SUPPLIED RECORDS START

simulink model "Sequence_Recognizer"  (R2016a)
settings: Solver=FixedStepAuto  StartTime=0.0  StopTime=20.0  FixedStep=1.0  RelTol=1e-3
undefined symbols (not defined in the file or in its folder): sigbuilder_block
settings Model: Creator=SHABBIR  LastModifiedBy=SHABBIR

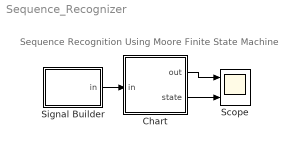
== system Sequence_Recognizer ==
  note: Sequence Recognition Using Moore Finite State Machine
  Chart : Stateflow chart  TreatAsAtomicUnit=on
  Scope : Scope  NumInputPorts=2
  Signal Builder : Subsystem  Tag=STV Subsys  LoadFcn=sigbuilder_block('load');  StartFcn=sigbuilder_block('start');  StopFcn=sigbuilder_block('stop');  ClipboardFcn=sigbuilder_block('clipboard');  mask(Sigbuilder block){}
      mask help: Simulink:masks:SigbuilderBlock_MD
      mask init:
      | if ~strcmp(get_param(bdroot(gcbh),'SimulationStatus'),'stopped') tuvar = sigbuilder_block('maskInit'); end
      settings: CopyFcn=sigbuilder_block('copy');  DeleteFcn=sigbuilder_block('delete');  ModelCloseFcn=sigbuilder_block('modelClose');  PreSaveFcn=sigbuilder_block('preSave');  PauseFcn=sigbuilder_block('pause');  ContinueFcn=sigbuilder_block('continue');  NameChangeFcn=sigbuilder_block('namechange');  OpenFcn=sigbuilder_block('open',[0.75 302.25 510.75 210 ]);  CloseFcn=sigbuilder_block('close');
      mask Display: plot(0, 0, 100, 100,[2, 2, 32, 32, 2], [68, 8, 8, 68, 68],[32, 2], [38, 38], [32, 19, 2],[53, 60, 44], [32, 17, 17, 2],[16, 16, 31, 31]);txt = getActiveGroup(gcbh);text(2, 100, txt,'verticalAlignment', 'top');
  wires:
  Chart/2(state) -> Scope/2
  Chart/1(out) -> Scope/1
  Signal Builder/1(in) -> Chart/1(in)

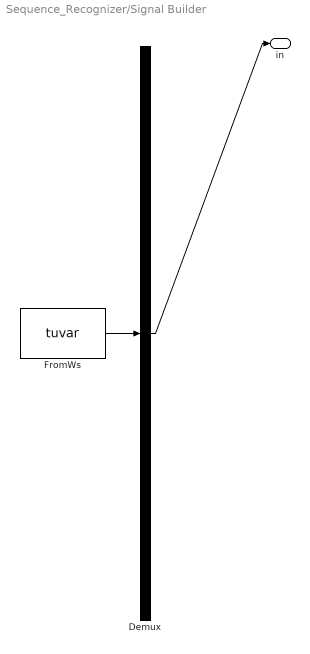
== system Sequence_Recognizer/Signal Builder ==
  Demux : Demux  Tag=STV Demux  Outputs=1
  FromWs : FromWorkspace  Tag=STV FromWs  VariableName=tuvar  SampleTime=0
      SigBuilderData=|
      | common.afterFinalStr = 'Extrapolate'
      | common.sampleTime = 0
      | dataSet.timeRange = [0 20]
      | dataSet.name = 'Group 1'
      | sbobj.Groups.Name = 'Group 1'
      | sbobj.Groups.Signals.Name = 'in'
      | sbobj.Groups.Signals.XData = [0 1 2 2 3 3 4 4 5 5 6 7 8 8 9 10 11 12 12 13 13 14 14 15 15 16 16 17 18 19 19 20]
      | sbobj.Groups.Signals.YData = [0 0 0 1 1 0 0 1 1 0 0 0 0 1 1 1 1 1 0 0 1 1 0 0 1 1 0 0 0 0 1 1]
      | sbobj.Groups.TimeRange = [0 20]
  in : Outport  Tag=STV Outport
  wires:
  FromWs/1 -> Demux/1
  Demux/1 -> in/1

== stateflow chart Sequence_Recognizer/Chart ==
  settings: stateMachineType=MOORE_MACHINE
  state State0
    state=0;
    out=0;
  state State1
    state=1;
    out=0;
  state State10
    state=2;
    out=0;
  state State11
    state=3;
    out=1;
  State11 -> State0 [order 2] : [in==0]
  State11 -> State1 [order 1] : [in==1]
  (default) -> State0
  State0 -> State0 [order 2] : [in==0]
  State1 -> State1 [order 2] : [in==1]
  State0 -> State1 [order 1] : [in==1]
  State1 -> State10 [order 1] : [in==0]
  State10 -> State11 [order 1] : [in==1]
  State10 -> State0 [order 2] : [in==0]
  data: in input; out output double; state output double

SUPPLIED RECORDS END

ASSIGNMENT |
An exact copy of the lines above between the line holding "Scope : Scope" and the line holding "tuvar = sigbuilder_block('maskInit'); end", inclusive, is the whole answer.

THE ANSWER |
  Scope : Scope  NumInputPorts=2
  Signal Builder : Subsystem  Tag=STV Subsys  LoadFcn=sigbuilder_block('load');  StartFcn=sigbuilder_block('start');  StopFcn=sigbuilder_block('stop');  ClipboardFcn=sigbuilder_block('clipboard');  mask(Sigbuilder block){}
      mask help: Simulink:masks:SigbuilderBlock_MD
      mask init:
      | if ~strcmp(get_param(bdroot(gcbh),'SimulationStatus'),'stopped') tuvar = sigbuilder_block('maskInit'); end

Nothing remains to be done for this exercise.